# [Records for this task]
%%

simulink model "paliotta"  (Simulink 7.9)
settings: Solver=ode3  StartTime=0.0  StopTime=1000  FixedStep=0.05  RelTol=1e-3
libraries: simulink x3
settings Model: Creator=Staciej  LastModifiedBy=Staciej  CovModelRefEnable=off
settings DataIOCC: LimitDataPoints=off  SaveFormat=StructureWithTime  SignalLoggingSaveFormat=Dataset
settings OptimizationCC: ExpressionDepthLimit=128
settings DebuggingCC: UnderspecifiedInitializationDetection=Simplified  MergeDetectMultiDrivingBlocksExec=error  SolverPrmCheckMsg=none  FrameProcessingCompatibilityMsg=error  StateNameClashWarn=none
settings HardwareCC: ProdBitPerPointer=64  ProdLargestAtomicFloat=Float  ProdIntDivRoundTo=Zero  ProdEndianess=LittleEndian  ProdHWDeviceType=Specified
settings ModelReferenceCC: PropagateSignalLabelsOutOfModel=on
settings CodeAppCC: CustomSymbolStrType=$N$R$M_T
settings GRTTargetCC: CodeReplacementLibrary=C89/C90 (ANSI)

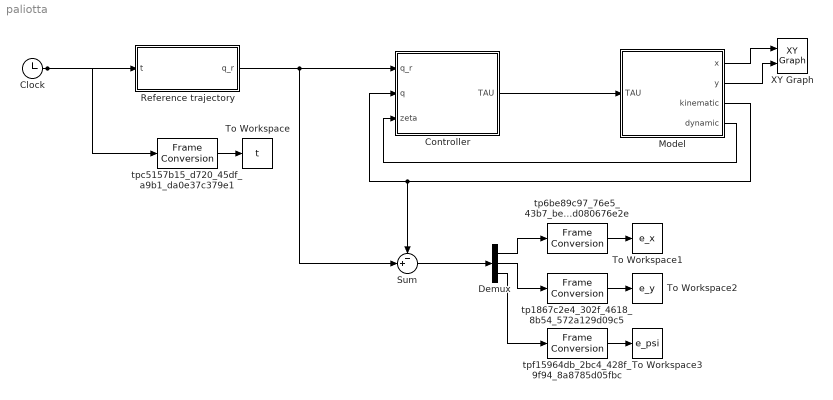
== system paliotta ==
  Clock : Clock
  Controller : Subsystem
  Demux : Demux  Outputs=3
  Model : Subsystem
  Reference trajectory : Subsystem
  Sum : Sum  Inputs=-+|
  To Workspace : ToWorkspace  VariableName=t  SampleTime=-1
  To Workspace1 : ToWorkspace  VariableName=e_x  SampleTime=-1
  To Workspace2 : ToWorkspace  VariableName=e_y  SampleTime=-1
  To Workspace3 : ToWorkspace  VariableName=e_psi  SampleTime=-1
  XY Graph : simulink/Sinks/XY Graph  xmin=-100  xmax=1000  ymin=-200  ymax=200  st=-1
  tp1867c2e4_302f_4618_8b54_572a129d09c5 : FrameConversion  InheritSamplingMode=off  OutFrame=Sample-based
  tp6be89c97_76e5_43b7_be9f_a8d080676e2e : FrameConversion  InheritSamplingMode=off  OutFrame=Sample-based
  tpc5157b15_d720_45df_a9b1_da0e37c379e1 : FrameConversion  InheritSamplingMode=off  OutFrame=Sample-based
  tpf15964db_2bc4_428f_9f94_8a8785d05fbc : FrameConversion  InheritSamplingMode=off  OutFrame=Sample-based
  wires:
  Clock/1 -> Reference trajectory/1(t), tpc5157b15_d720_45df_a9b1_da0e37c379e1/1
  Model/1(x) -> XY Graph/1
  Model/2(y) -> XY Graph/2
  Reference trajectory/1(q_r) -> Controller/1(q_r), Sum/2
  Model/4(dynamic) -> Controller/3(zeta)
  Model/3(kinematic) -> Controller/2(q), Sum/1
  Sum/1 -> Demux/1
  Controller/1(TAU) -> Model/1(TAU)
  tpc5157b15_d720_45df_a9b1_da0e37c379e1/1 -> To Workspace/1
  Demux/1 -> tp6be89c97_76e5_43b7_be9f_a8d080676e2e/1
  tp6be89c97_76e5_43b7_be9f_a8d080676e2e/1 -> To Workspace1/1
  Demux/2 -> tp1867c2e4_302f_4618_8b54_572a129d09c5/1
  tp1867c2e4_302f_4618_8b54_572a129d09c5/1 -> To Workspace2/1
  Demux/3 -> tpf15964db_2bc4_428f_9f94_8a8785d05fbc/1
  tpf15964db_2bc4_428f_9f94_8a8785d05fbc/1 -> To Workspace3/1

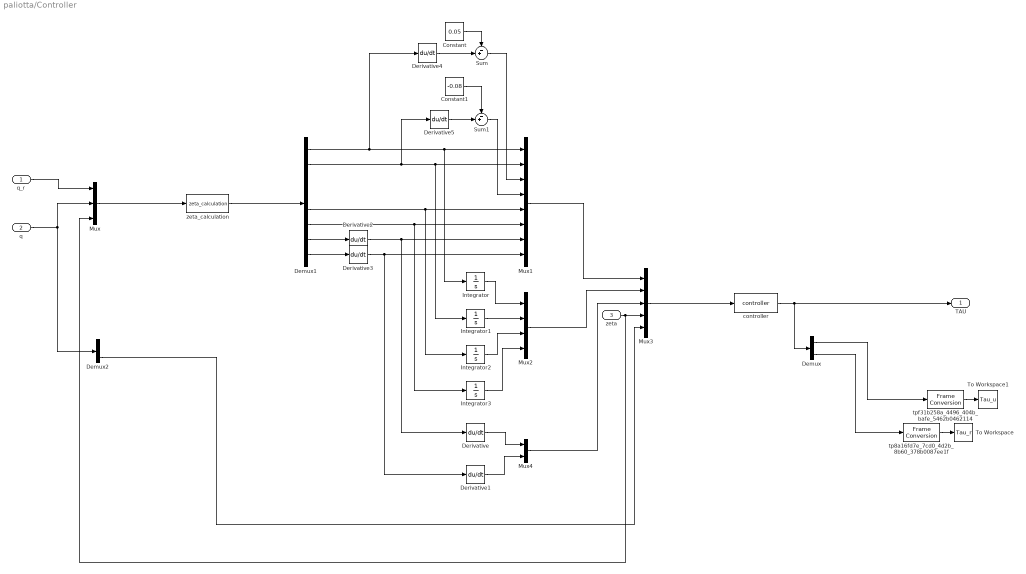
== system paliotta/Controller ==
  q_r : Inport
  q : Inport  Port=2
  zeta : Inport  Port=3
  Constant : Constant  Value=0.05
  Constant1 : Constant  Value=-0.08
  Demux : Demux  Outputs=2
  Demux1 : Demux  Outputs=8
  Demux2 : Demux  Outputs=3
  Derivative{,1..5} (6 alike) : Derivative
  Integrator{,1..3} (4 alike) : Integrator
  Mux : Mux  Inputs=3
  Mux1 : Mux  Inputs=8
  Mux2 : Mux
  Mux3 : Mux  Inputs=5
  Mux4 : Mux  Inputs=2
  Sum : Sum  Inputs=-+|
  Sum1 : Sum  Inputs=-+|
  To Workspace : ToWorkspace  VariableName=Tau_r  SampleTime=-1
  To Workspace1 : ToWorkspace  VariableName=Tau_u  SampleTime=-1
  controller : MATLABFcn  MATLABFcn=controller  OutputDimensions=2
  tp8a16fd7e_7cd0_4d2b_8b60_378b0087ee1f : FrameConversion  InheritSamplingMode=off  OutFrame=Sample-based
  tpf31b258a_4496_404b_bafe_5462b0462114 : FrameConversion  InheritSamplingMode=off  OutFrame=Sample-based
  zeta_calculation : MATLABFcn  MATLABFcn=zeta_calculation  OutputDimensions=8
  TAU : Outport
  wires:
  controller/1 -> TAU/1, Demux/1
  q_r/1 -> Mux/1
  q/1 -> Demux2/1, Mux/2
  Mux/1 -> zeta_calculation/1
  zeta_calculation/1 -> Demux1/1
  Demux1/1 -> Derivative4/1, Integrator/1, Mux1/1
  Demux1/2 -> Derivative5/1, Integrator1/1, Mux1/2
  Demux1/5 -> Integrator2/1, Mux1/5
  Demux1/6 -> Integrator3/1, Mux1/6
  Demux1/7 -> Derivative2/1
  Demux1/8 -> Derivative3/1
  Integrator/1 -> Mux2/1
  Integrator1/1 -> Mux2/2
  Integrator2/1 -> Mux2/3
  Integrator3/1 -> Mux2/4
  Mux1/1 -> Mux3/1
  Mux2/1 -> Mux3/2
  Mux3/1 -> controller/1
  zeta/1 -> Mux/3, Mux3/4
  Demux2/3 -> Mux3/5
  Derivative1/1 -> Mux4/2
  Derivative/1 -> Mux4/1
  Mux4/1 -> Mux3/3
  Derivative2/1 -> Derivative/1, Mux1/7
  Derivative3/1 -> Derivative1/1, Mux1/8
  Constant/1 -> Sum/1
  Derivative4/1 -> Sum/2
  Derivative5/1 -> Sum1/2
  Constant1/1 -> Sum1/1
  Sum/1 -> Mux1/3
  Sum1/1 -> Mux1/4
  Demux/2 -> tp8a16fd7e_7cd0_4d2b_8b60_378b0087ee1f/1
  tp8a16fd7e_7cd0_4d2b_8b60_378b0087ee1f/1 -> To Workspace/1
  Demux/1 -> tpf31b258a_4496_404b_bafe_5462b0462114/1
  tpf31b258a_4496_404b_bafe_5462b0462114/1 -> To Workspace1/1

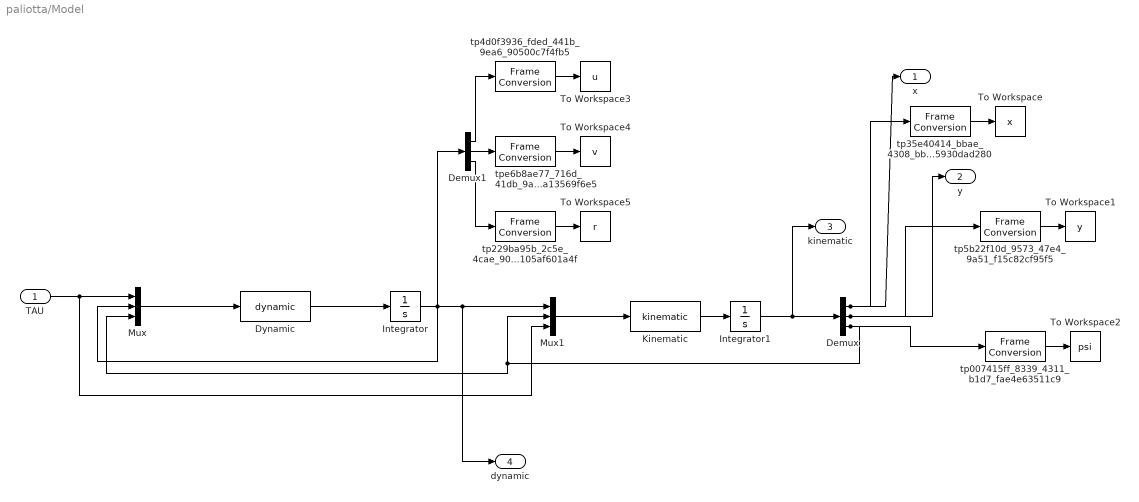
== system paliotta/Model ==
  TAU : Inport
  Demux : Demux  Outputs=3
  Demux1 : Demux  Outputs=3
  Dynamic : MATLABFcn  MATLABFcn=dynamic  OutputDimensions=3
  Integrator : Integrator  InitialCondition=[0 0 0]
  Integrator1 : Integrator  InitialCondition=[5 10 0]
  Kinematic : MATLABFcn  MATLABFcn=kinematic  OutputDimensions=3
  Mux : Mux  Inputs=3
  Mux1 : Mux  Inputs=3
  To Workspace : ToWorkspace  VariableName=x  SampleTime=-1
  To Workspace1 : ToWorkspace  VariableName=y  SampleTime=-1
  To Workspace2 : ToWorkspace  VariableName=psi  SampleTime=-1
  To Workspace3 : ToWorkspace  VariableName=u  SampleTime=-1
  To Workspace4 : ToWorkspace  VariableName=v  SampleTime=-1
  To Workspace5 : ToWorkspace  VariableName=r  SampleTime=-1
  tp007415ff_8339_4311_b1d7_fae4e63511c9 : FrameConversion  InheritSamplingMode=off  OutFrame=Sample-based
  tp229ba95b_2c5e_4cae_90d9_8105af601a4f : FrameConversion  InheritSamplingMode=off  OutFrame=Sample-based
  tp35e40414_bbae_4308_bb87_aa5930dad280 : FrameConversion  InheritSamplingMode=off  OutFrame=Sample-based
  tp4d0f3936_fded_441b_9ea6_90500c7f4fb5 : FrameConversion  InheritSamplingMode=off  OutFrame=Sample-based
  tp5b22f10d_9573_47e4_9a51_f15c82cf95f5 : FrameConversion  InheritSamplingMode=off  OutFrame=Sample-based
  tpe6b8ae77_716d_41db_9a37_b8a13569f6e5 : FrameConversion  InheritSamplingMode=off  OutFrame=Sample-based
  x : Outport
  y : Outport  Port=2
  kinematic : Outport  Port=3
  dynamic : Outport  Port=4
  wires:
  TAU/1 -> Mux1/3, Mux/1
  Mux/1 -> Dynamic/1
  Dynamic/1 -> Integrator/1
  Integrator/1 -> Mux/2, Demux1/1, dynamic/1, Mux1/1
  Mux1/1 -> Kinematic/1
  Kinematic/1 -> Integrator1/1
  Demux/3 -> Mux/3, Mux1/2, tp007415ff_8339_4311_b1d7_fae4e63511c9/1
  Demux/1 -> x/1, tp35e40414_bbae_4308_bb87_aa5930dad280/1
  Demux/2 -> y/1, tp5b22f10d_9573_47e4_9a51_f15c82cf95f5/1
  Integrator1/1 -> kinematic/1, Demux/1
  tp35e40414_bbae_4308_bb87_aa5930dad280/1 -> To Workspace/1
  tp5b22f10d_9573_47e4_9a51_f15c82cf95f5/1 -> To Workspace1/1
  tp007415ff_8339_4311_b1d7_fae4e63511c9/1 -> To Workspace2/1
  Demux1/1 -> tp4d0f3936_fded_441b_9ea6_90500c7f4fb5/1
  tp4d0f3936_fded_441b_9ea6_90500c7f4fb5/1 -> To Workspace3/1
  Demux1/2 -> tpe6b8ae77_716d_41db_9a37_b8a13569f6e5/1
  tpe6b8ae77_716d_41db_9a37_b8a13569f6e5/1 -> To Workspace4/1
  Demux1/3 -> tp229ba95b_2c5e_4cae_90d9_8105af601a4f/1
  tp229ba95b_2c5e_4cae_90d9_8105af601a4f/1 -> To Workspace5/1

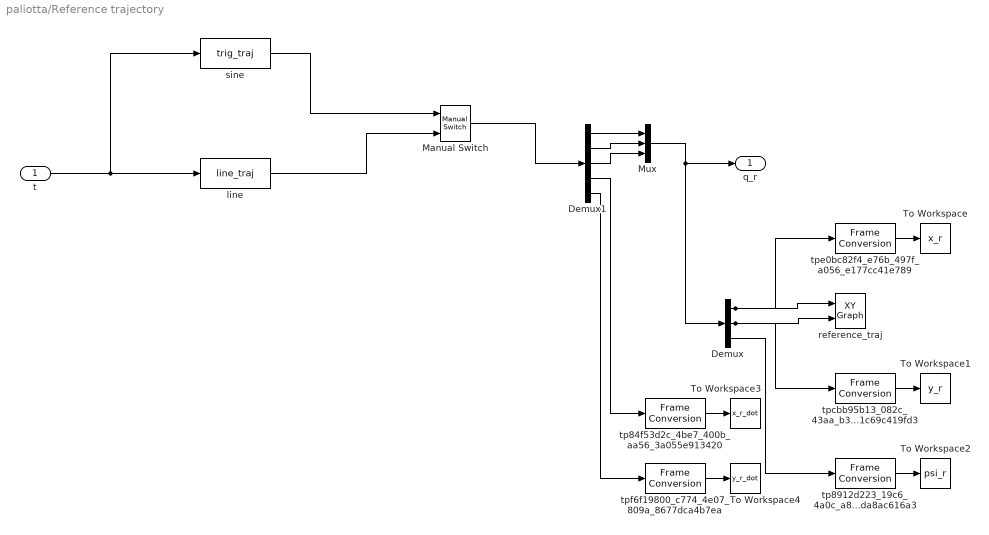
== system paliotta/Reference trajectory ==
  t : Inport
  Demux : Demux  Outputs=3
  Demux1 : Demux  Outputs=5
  Manual Switch : simulink/Signal Routing/Manual Switch  sw=1  action=0  varsize=off
  Mux : Mux  Inputs=3
  To Workspace : ToWorkspace  VariableName=x_r  SampleTime=-1
  To Workspace1 : ToWorkspace  VariableName=y_r  SampleTime=-1
  To Workspace2 : ToWorkspace  VariableName=psi_r  SampleTime=-1
  To Workspace3 : ToWorkspace  VariableName=x_r_dot  SampleTime=-1
  To Workspace4 : ToWorkspace  VariableName=y_r_dot  SampleTime=-1
  line : MATLABFcn  MATLABFcn=line_traj  OutputDimensions=5
  reference_traj : simulink/Sinks/XY Graph  xmin=-100  xmax=1000  ymin=-200  ymax=200  st=-1
  sine : MATLABFcn  MATLABFcn=trig_traj  OutputDimensions=5
  tp84f53d2c_4be7_400b_aa56_3a055e913420 : FrameConversion  InheritSamplingMode=off  OutFrame=Sample-based
  tp8912d223_19c6_4a0c_a8b2_14da8ac616a3 : FrameConversion  InheritSamplingMode=off  OutFrame=Sample-based
  tpcbb95b13_082c_43aa_b3f6_a1c69c419fd3 : FrameConversion  InheritSamplingMode=off  OutFrame=Sample-based
  tpe0bc82f4_e76b_497f_a056_e177cc41e789 : FrameConversion  InheritSamplingMode=off  OutFrame=Sample-based
  tpf6f19800_c774_4e07_809a_8677dca4b7ea : FrameConversion  InheritSamplingMode=off  OutFrame=Sample-based
  q_r : Outport
  wires:
  t/1 -> sine/1, line/1
  Demux/1 -> reference_traj/1, tpe0bc82f4_e76b_497f_a056_e177cc41e789/1
  Demux/2 -> reference_traj/2, tpcbb95b13_082c_43aa_b3f6_a1c69c419fd3/1
  line/1 -> Manual Switch/2
  sine/1 -> Manual Switch/1
  Manual Switch/1 -> Demux1/1
  Demux1/1 -> Mux/1
  Demux1/2 -> Mux/2
  Demux1/3 -> Mux/3
  Mux/1 -> Demux/1, q_r/1
  tpe0bc82f4_e76b_497f_a056_e177cc41e789/1 -> To Workspace/1
  tpcbb95b13_082c_43aa_b3f6_a1c69c419fd3/1 -> To Workspace1/1
  Demux/3 -> tp8912d223_19c6_4a0c_a8b2_14da8ac616a3/1
  tp8912d223_19c6_4a0c_a8b2_14da8ac616a3/1 -> To Workspace2/1
  Demux1/4 -> tp84f53d2c_4be7_400b_aa56_3a055e913420/1
  tp84f53d2c_4be7_400b_aa56_3a055e913420/1 -> To Workspace3/1
  Demux1/5 -> tpf6f19800_c774_4e07_809a_8677dca4b7ea/1
  tpf6f19800_c774_4e07_809a_8677dca4b7ea/1 -> To Workspace4/1

%%

# [Activity]
The answer must be every line of the listing that holds the word "paliotta".

# [Worked solution]
simulink model "paliotta"  (Simulink 7.9)
== system paliotta ==
== system paliotta/Controller ==
== system paliotta/Model ==
== system paliotta/Reference trajectory ==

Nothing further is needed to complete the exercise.